Data extracted from a collection
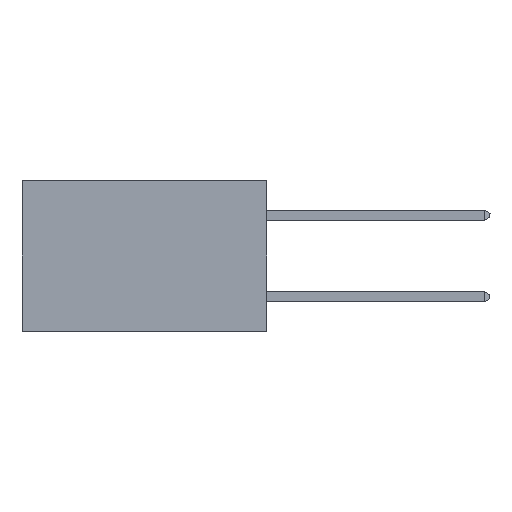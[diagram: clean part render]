
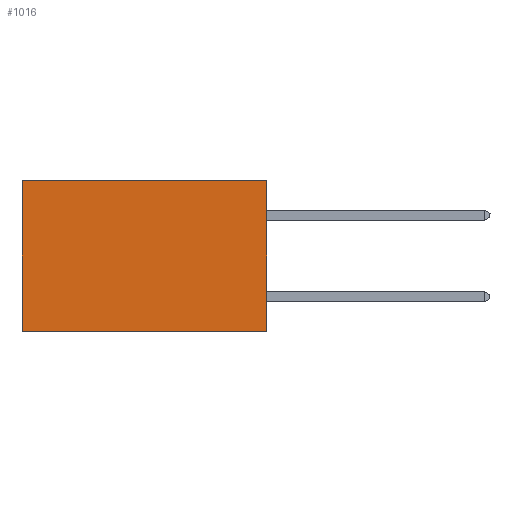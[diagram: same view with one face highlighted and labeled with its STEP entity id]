
A CAD part, left-side view. The second image highlights one B-rep face of the part: STEP entity #1016.
In plain terms, the highlighted planar face has unit normal (-1, 0, 0).
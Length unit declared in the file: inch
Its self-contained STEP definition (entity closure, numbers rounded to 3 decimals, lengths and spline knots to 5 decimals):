
#22 = DIRECTION ( 'NONE',  ( 0., 1., 0. ) ) ;
#118 = VECTOR ( 'NONE', #22, 39.37008 ) ;
#132 = EDGE_CURVE ( 'NONE', #10684, #14762, #15332, .T. ) ;
#809 = EDGE_CURVE ( 'NONE', #12440, #14762, #17214, .T. ) ;
#1016 = ADVANCED_FACE ( 'NONE', ( #12407 ), #18386, .F. ) ;
#1165 = ORIENTED_EDGE ( 'NONE', *, *, #18486, .T. ) ;
#1647 = DIRECTION ( 'NONE',  ( 0., 0., -1. ) ) ;
#1675 = EDGE_CURVE ( 'NONE', #16789, #10684, #17409, .T. ) ;
#2256 = ORIENTED_EDGE ( 'NONE', *, *, #1675, .F. ) ;
#3357 = VECTOR ( 'NONE', #6909, 39.37008 ) ;
#3951 = AXIS2_PLACEMENT_3D ( 'NONE', #12320, #18264, #1647 ) ;
#4612 = DIRECTION ( 'NONE',  ( 0., 1., 0. ) ) ;
#4813 = LINE ( 'NONE', #15128, #118 ) ;
#5442 = CARTESIAN_POINT ( 'NONE',  ( 0.2875, 0., 0. ) ) ;
#6766 = CARTESIAN_POINT ( 'NONE',  ( 0.2875, 0.6, -0.37 ) ) ;
#6909 = DIRECTION ( 'NONE',  ( 0., 0., -1. ) ) ;
#7595 = CARTESIAN_POINT ( 'NONE',  ( 0.2875, 0., -0.37 ) ) ;
#8631 = DIRECTION ( 'NONE',  ( 0., 0., -1. ) ) ;
#10684 = VERTEX_POINT ( 'NONE', #18164 ) ;
#11070 = EDGE_LOOP ( 'NONE', ( #12876, #18936, #2256, #1165 ) ) ;
#11768 = CARTESIAN_POINT ( 'NONE',  ( 0.2875, 0.6, 0. ) ) ;
#12320 = CARTESIAN_POINT ( 'NONE',  ( 0.2875, 0., 0. ) ) ;
#12407 = FACE_OUTER_BOUND ( 'NONE', #11070, .T. ) ;
#12440 = VERTEX_POINT ( 'NONE', #11768 ) ;
#12685 = VECTOR ( 'NONE', #8631, 39.37008 ) ;
#12783 = CARTESIAN_POINT ( 'NONE',  ( 0.2875, 0., 0. ) ) ;
#12876 = ORIENTED_EDGE ( 'NONE', *, *, #809, .T. ) ;
#13296 = CARTESIAN_POINT ( 'NONE',  ( 0.2875, 0.6, 0. ) ) ;
#14762 = VERTEX_POINT ( 'NONE', #6766 ) ;
#15128 = CARTESIAN_POINT ( 'NONE',  ( 0.2875, 0., 0. ) ) ;
#15332 = LINE ( 'NONE', #7595, #16762 ) ;
#16762 = VECTOR ( 'NONE', #4612, 39.37008 ) ;
#16789 = VERTEX_POINT ( 'NONE', #12783 ) ;
#17214 = LINE ( 'NONE', #13296, #12685 ) ;
#17409 = LINE ( 'NONE', #5442, #3357 ) ;
#18164 = CARTESIAN_POINT ( 'NONE',  ( 0.2875, 0., -0.37 ) ) ;
#18264 = DIRECTION ( 'NONE',  ( 1., 0., 0. ) ) ;
#18386 = PLANE ( 'NONE',  #3951 ) ;
#18486 = EDGE_CURVE ( 'NONE', #16789, #12440, #4813, .T. ) ;
#18936 = ORIENTED_EDGE ( 'NONE', *, *, #132, .F. ) ;

▶ **What to work on**: Quote the data above in full and without alteration; skip the pictures.

▶ **Expected output**:
[diagram: clean part render]
[diagram: same view with one face highlighted and labeled with its STEP entity id]
A CAD part, left-side view. The second image highlights one B-rep face of the part: STEP entity #1016.
In plain terms, the highlighted planar face has unit normal (-1, 0, 0).
Length unit declared in the file: inch
Its self-contained STEP definition (entity closure, numbers rounded to 3 decimals, lengths and spline knots to 5 decimals):
#22 = DIRECTION ( 'NONE',  ( 0., 1., 0. ) ) ;
#118 = VECTOR ( 'NONE', #22, 39.37008 ) ;
#132 = EDGE_CURVE ( 'NONE', #10684, #14762, #15332, .T. ) ;
#809 = EDGE_CURVE ( 'NONE', #12440, #14762, #17214, .T. ) ;
#1016 = ADVANCED_FACE ( 'NONE', ( #12407 ), #18386, .F. ) ;
#1165 = ORIENTED_EDGE ( 'NONE', *, *, #18486, .T. ) ;
#1647 = DIRECTION ( 'NONE',  ( 0., 0., -1. ) ) ;
#1675 = EDGE_CURVE ( 'NONE', #16789, #10684, #17409, .T. ) ;
#2256 = ORIENTED_EDGE ( 'NONE', *, *, #1675, .F. ) ;
#3357 = VECTOR ( 'NONE', #6909, 39.37008 ) ;
#3951 = AXIS2_PLACEMENT_3D ( 'NONE', #12320, #18264, #1647 ) ;
#4612 = DIRECTION ( 'NONE',  ( 0., 1., 0. ) ) ;
#4813 = LINE ( 'NONE', #15128, #118 ) ;
#5442 = CARTESIAN_POINT ( 'NONE',  ( 0.2875, 0., 0. ) ) ;
#6766 = CARTESIAN_POINT ( 'NONE',  ( 0.2875, 0.6, -0.37 ) ) ;
#6909 = DIRECTION ( 'NONE',  ( 0., 0., -1. ) ) ;
#7595 = CARTESIAN_POINT ( 'NONE',  ( 0.2875, 0., -0.37 ) ) ;
#8631 = DIRECTION ( 'NONE',  ( 0., 0., -1. ) ) ;
#10684 = VERTEX_POINT ( 'NONE', #18164 ) ;
#11070 = EDGE_LOOP ( 'NONE', ( #12876, #18936, #2256, #1165 ) ) ;
#11768 = CARTESIAN_POINT ( 'NONE',  ( 0.2875, 0.6, 0. ) ) ;
#12320 = CARTESIAN_POINT ( 'NONE',  ( 0.2875, 0., 0. ) ) ;
#12407 = FACE_OUTER_BOUND ( 'NONE', #11070, .T. ) ;
#12440 = VERTEX_POINT ( 'NONE', #11768 ) ;
#12685 = VECTOR ( 'NONE', #8631, 39.37008 ) ;
#12783 = CARTESIAN_POINT ( 'NONE',  ( 0.2875, 0., 0. ) ) ;
#12876 = ORIENTED_EDGE ( 'NONE', *, *, #809, .T. ) ;
#13296 = CARTESIAN_POINT ( 'NONE',  ( 0.2875, 0.6, 0. ) ) ;
#14762 = VERTEX_POINT ( 'NONE', #6766 ) ;
#15128 = CARTESIAN_POINT ( 'NONE',  ( 0.2875, 0., 0. ) ) ;
#15332 = LINE ( 'NONE', #7595, #16762 ) ;
#16762 = VECTOR ( 'NONE', #4612, 39.37008 ) ;
#16789 = VERTEX_POINT ( 'NONE', #12783 ) ;
#17214 = LINE ( 'NONE', #13296, #12685 ) ;
#17409 = LINE ( 'NONE', #5442, #3357 ) ;
#18164 = CARTESIAN_POINT ( 'NONE',  ( 0.2875, 0., -0.37 ) ) ;
#18264 = DIRECTION ( 'NONE',  ( 1., 0., 0. ) ) ;
#18386 = PLANE ( 'NONE',  #3951 ) ;
#18486 = EDGE_CURVE ( 'NONE', #16789, #12440, #4813, .T. ) ;
#18936 = ORIENTED_EDGE ( 'NONE', *, *, #132, .F. ) ;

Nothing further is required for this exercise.